Arts

A “Sunburst” That Illuminates What We See and Say

Sunlight penetrates the deep rosy-red curtains, so that the musical equipment inside this storefront are bathed in a special color this afternoon. Except this isn’t really a store, and the equipment is an installation, of black and chrome musical stands — for sheet music, microphones, instruments — and some disembodied drums, that reflect the single light source in the middle, and that red-infused sunlight. The installation casts its own shadow on one wall, while on another a narrative video unspools. It’s a montage of a variety of people over the past 50 years talking about music. The whole thing is a terrific site-specific work from Daniel Milewski at Dimensions Variable, called “3 Color Sunburst,” a reference to the sound of an electric guitar.

It’s the latest in a commendable series of installations in this Design District space, which is really just the front foyer of the studio of five local artists, which they have given over for such explorations as “Sunburst.” Having to work within these particular confines is part of the concept (two other recent standouts came from Felecia Chizuko Carlisle and Carlos Rigau).

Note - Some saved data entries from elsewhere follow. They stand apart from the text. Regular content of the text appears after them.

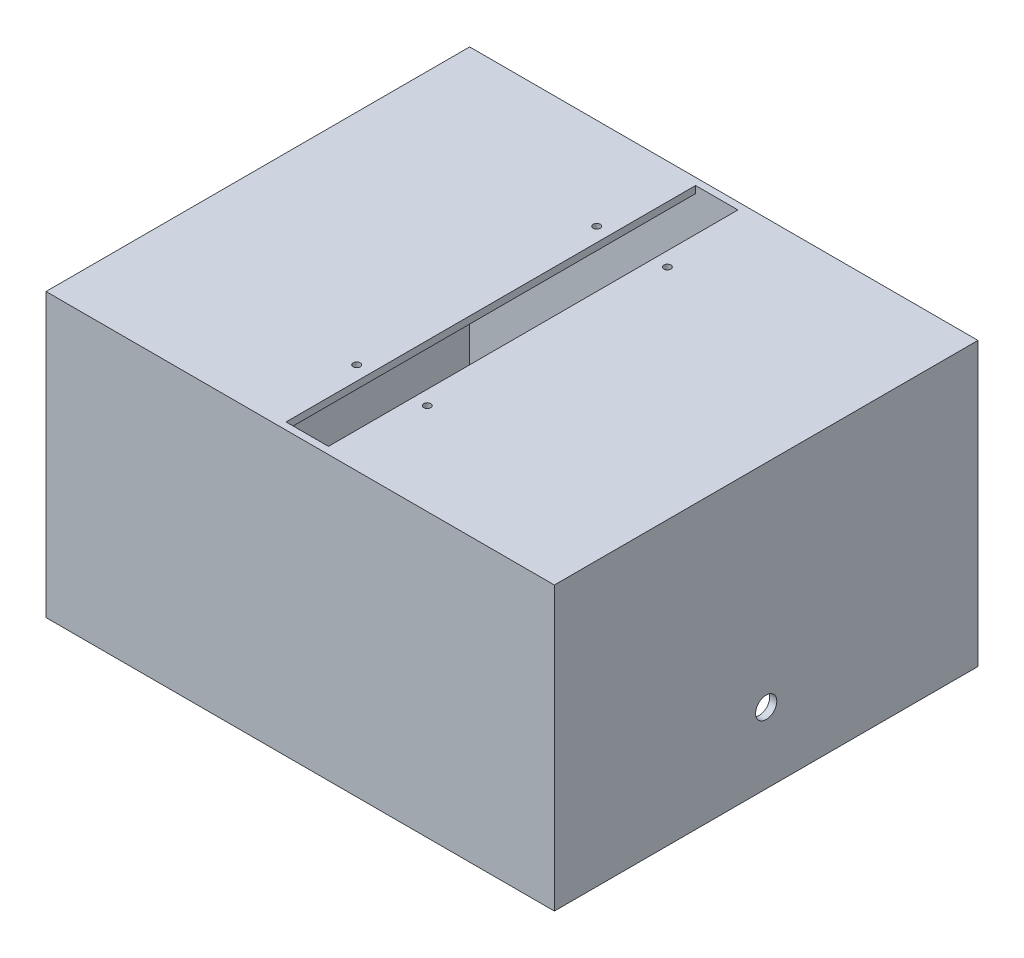
ISO-10303-21;
HEADER;
FILE_DESCRIPTION(('STEP AP214'),'2;1');
FILE_NAME('part.step','',(''),(''),'','','');
FILE_SCHEMA(('AUTOMOTIVE_DESIGN { 1 0 10303 214 1 1 1 1 }'));
ENDSEC;
DATA;
#1=APPLICATION_CONTEXT('core data for automotive mechanical design processes');
#2=APPLICATION_PROTOCOL_DEFINITION('international standard','automotive_design',2000,#1);
#3=PRODUCT_CONTEXT('',#1,'mechanical');
#4=PRODUCT('Part','Part','',(#3));
#5=PRODUCT_RELATED_PRODUCT_CATEGORY('part','',(#4));
#6=PRODUCT_DEFINITION_FORMATION('','',#4);
#7=PRODUCT_DEFINITION_CONTEXT('part definition',#1,'design');
#8=PRODUCT_DEFINITION('design','',#6,#7);
#9=PRODUCT_DEFINITION_SHAPE('','',#8);
#10=(LENGTH_UNIT() NAMED_UNIT(*) SI_UNIT(.MILLI.,.METRE.));
#11=(NAMED_UNIT(*) PLANE_ANGLE_UNIT() SI_UNIT($,.RADIAN.));
#12=(NAMED_UNIT(*) SI_UNIT($,.STERADIAN.) SOLID_ANGLE_UNIT());
#13=UNCERTAINTY_MEASURE_WITH_UNIT(LENGTH_MEASURE(1.E-05),#10,'distance_accuracy_value','');
#14=(GEOMETRIC_REPRESENTATION_CONTEXT(3) GLOBAL_UNCERTAINTY_ASSIGNED_CONTEXT((#13)) GLOBAL_UNIT_ASSIGNED_CONTEXT((#10,
#11,#12)) REPRESENTATION_CONTEXT('',''));
#15=CARTESIAN_POINT('',(0.,0.,0.));
#16=DIRECTION('',(0.,0.,1.));
#17=DIRECTION('',(1.,0.,0.));
#18=AXIS2_PLACEMENT_3D('',#15,#16,#17);
#19=CARTESIAN_POINT('',(0.,-5.,0.));
#20=DIRECTION('',(0.,1.,0.));
#21=DIRECTION('',(0.,0.,1.));
#22=AXIS2_PLACEMENT_3D('',#19,#20,#21);
#23=PLANE('',#22);
#24=CARTESIAN_POINT('',(25.,-5.,85.));
#25=DIRECTION('',(0.,1.,0.));
#26=DIRECTION('',(0.,0.,1.));
#27=AXIS2_PLACEMENT_3D('',#24,#25,#26);
#28=CIRCLE('',#27,2.5);
#29=CARTESIAN_POINT('',(25.,-5.,87.5));
#30=VERTEX_POINT('',#29);
#31=EDGE_CURVE('E552',#30,#30,#28,.F.);
#32=ORIENTED_EDGE('',*,*,#31,.F.);
#33=EDGE_LOOP('',(#32));
#34=FACE_BOUND('',#33,.T.);
#35=CARTESIAN_POINT('',(25.0000000000002,-5.,-85.));
#36=DIRECTION('',(0.,1.,0.));
#37=DIRECTION('',(0.,0.,1.));
#38=AXIS2_PLACEMENT_3D('',#35,#36,#37);
#39=CIRCLE('',#38,2.5);
#40=CARTESIAN_POINT('',(25.0000000000002,-5.,-82.5));
#41=VERTEX_POINT('',#40);
#42=EDGE_CURVE('E561',#41,#41,#39,.F.);
#43=ORIENTED_EDGE('',*,*,#42,.F.);
#44=EDGE_LOOP('',(#43));
#45=FACE_BOUND('',#44,.T.);
#46=DIRECTION('',(-1.,0.,0.));
#47=VECTOR('',#46,1.);
#48=CARTESIAN_POINT('',(-175.,-5.,145.));
#49=LINE('',#48,#47);
#50=CARTESIAN_POINT('',(175.,-5.,145.));
#51=VERTEX_POINT('',#50);
#52=CARTESIAN_POINT('',(15.,-5.,145.));
#53=VERTEX_POINT('',#52);
#54=EDGE_CURVE('E174',#51,#53,#49,.T.);
#55=ORIENTED_EDGE('',*,*,#54,.T.);
#56=DIRECTION('',(0.,0.,-1.));
#57=VECTOR('',#56,1.);
#58=CARTESIAN_POINT('',(15.,-5.,0.));
#59=LINE('',#58,#57);
#60=CARTESIAN_POINT('',(15.,-5.,-145.));
#61=VERTEX_POINT('',#60);
#62=EDGE_CURVE('E11',#53,#61,#59,.T.);
#63=ORIENTED_EDGE('',*,*,#62,.T.);
#64=DIRECTION('',(1.,0.,0.));
#65=VECTOR('',#64,1.);
#66=CARTESIAN_POINT('',(-175.,-5.,-145.));
#67=LINE('',#66,#65);
#68=CARTESIAN_POINT('',(175.,-5.,-145.));
#69=VERTEX_POINT('',#68);
#70=EDGE_CURVE('E182',#61,#69,#67,.T.);
#71=ORIENTED_EDGE('',*,*,#70,.T.);
#72=DIRECTION('',(0.,0.,1.));
#73=VECTOR('',#72,1.);
#74=CARTESIAN_POINT('',(175.,-5.,-145.));
#75=LINE('',#74,#73);
#76=EDGE_CURVE('E168',#69,#51,#75,.T.);
#77=ORIENTED_EDGE('',*,*,#76,.T.);
#78=EDGE_LOOP('',(#55,#63,#71,#77));
#79=FACE_BOUND('',#78,.T.);
#80=ADVANCED_FACE('F42',(#34,#45,#79),#23,.F.);
#81=CARTESIAN_POINT('',(-180.,-200.,150.));
#82=DIRECTION('',(-1.,0.,0.));
#83=DIRECTION('',(0.,0.,1.));
#84=AXIS2_PLACEMENT_3D('',#81,#82,#83);
#85=PLANE('',#84);
#86=CARTESIAN_POINT('',(-180.,-150.,0.));
#87=DIRECTION('',(-1.,0.,0.));
#88=DIRECTION('',(0.,0.,1.));
#89=AXIS2_PLACEMENT_3D('',#86,#87,#88);
#90=CIRCLE('',#89,7.5);
#91=CARTESIAN_POINT('',(-180.,-150.,7.50000000000002));
#92=VERTEX_POINT('',#91);
#93=EDGE_CURVE('E522',#92,#92,#90,.T.);
#94=ORIENTED_EDGE('',*,*,#93,.F.);
#95=EDGE_LOOP('',(#94));
#96=FACE_BOUND('',#95,.T.);
#97=DIRECTION('',(0.,0.,1.));
#98=VECTOR('',#97,1.);
#99=CARTESIAN_POINT('',(-180.,0.,150.));
#100=LINE('',#99,#98);
#101=CARTESIAN_POINT('',(-180.,0.,-150.));
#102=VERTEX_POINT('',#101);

On this afternoon Milewski explains how the installation changed in his mind after he saw and worked within the space — with the dramatic red curtains, the angles of the interior. But then,  the whole premise to “3 Color Sunburst” is about how we appropriate art, in this case music, and give it our own cultural and personal relevance. It’s interesting that the video — clips of average listeners, and also of reviewers and musicians, talking about how music impacts them — contains no music itself. Kind of how the physical installation contains no actual instruments — just the framework for them. The original melodies and rhythms no longer belong to the creators (in the video and room they don’t even exist anymore), they belong to a larger cultural whole, where individuals have interpreted them and given them their own meaning. At night in this space, with the sun gone and the bare bulbs the only source of light, the shadows are much more pronounced, as are the video’s images. It, too, changes with circumstance.

Dimensions Variable lets local artists create without having the added pressure to sell (or even please), which is the kind of space we need to keep inspiration and experimentation flowing — however the observer ends up interpreting it. Milewski will also be part of a three-person, multi-discipline exhibit at the gallery that represents him, Gallery Diet, next month, along with Bhakti Baxter and Marcos Valella.

“3 Color Sunburst” by Daniel Milewski at Dimensions Variable, through Dec. 25; 171 NE 38th St., by appointment, contact gallerydiet.com, 305-571-2288.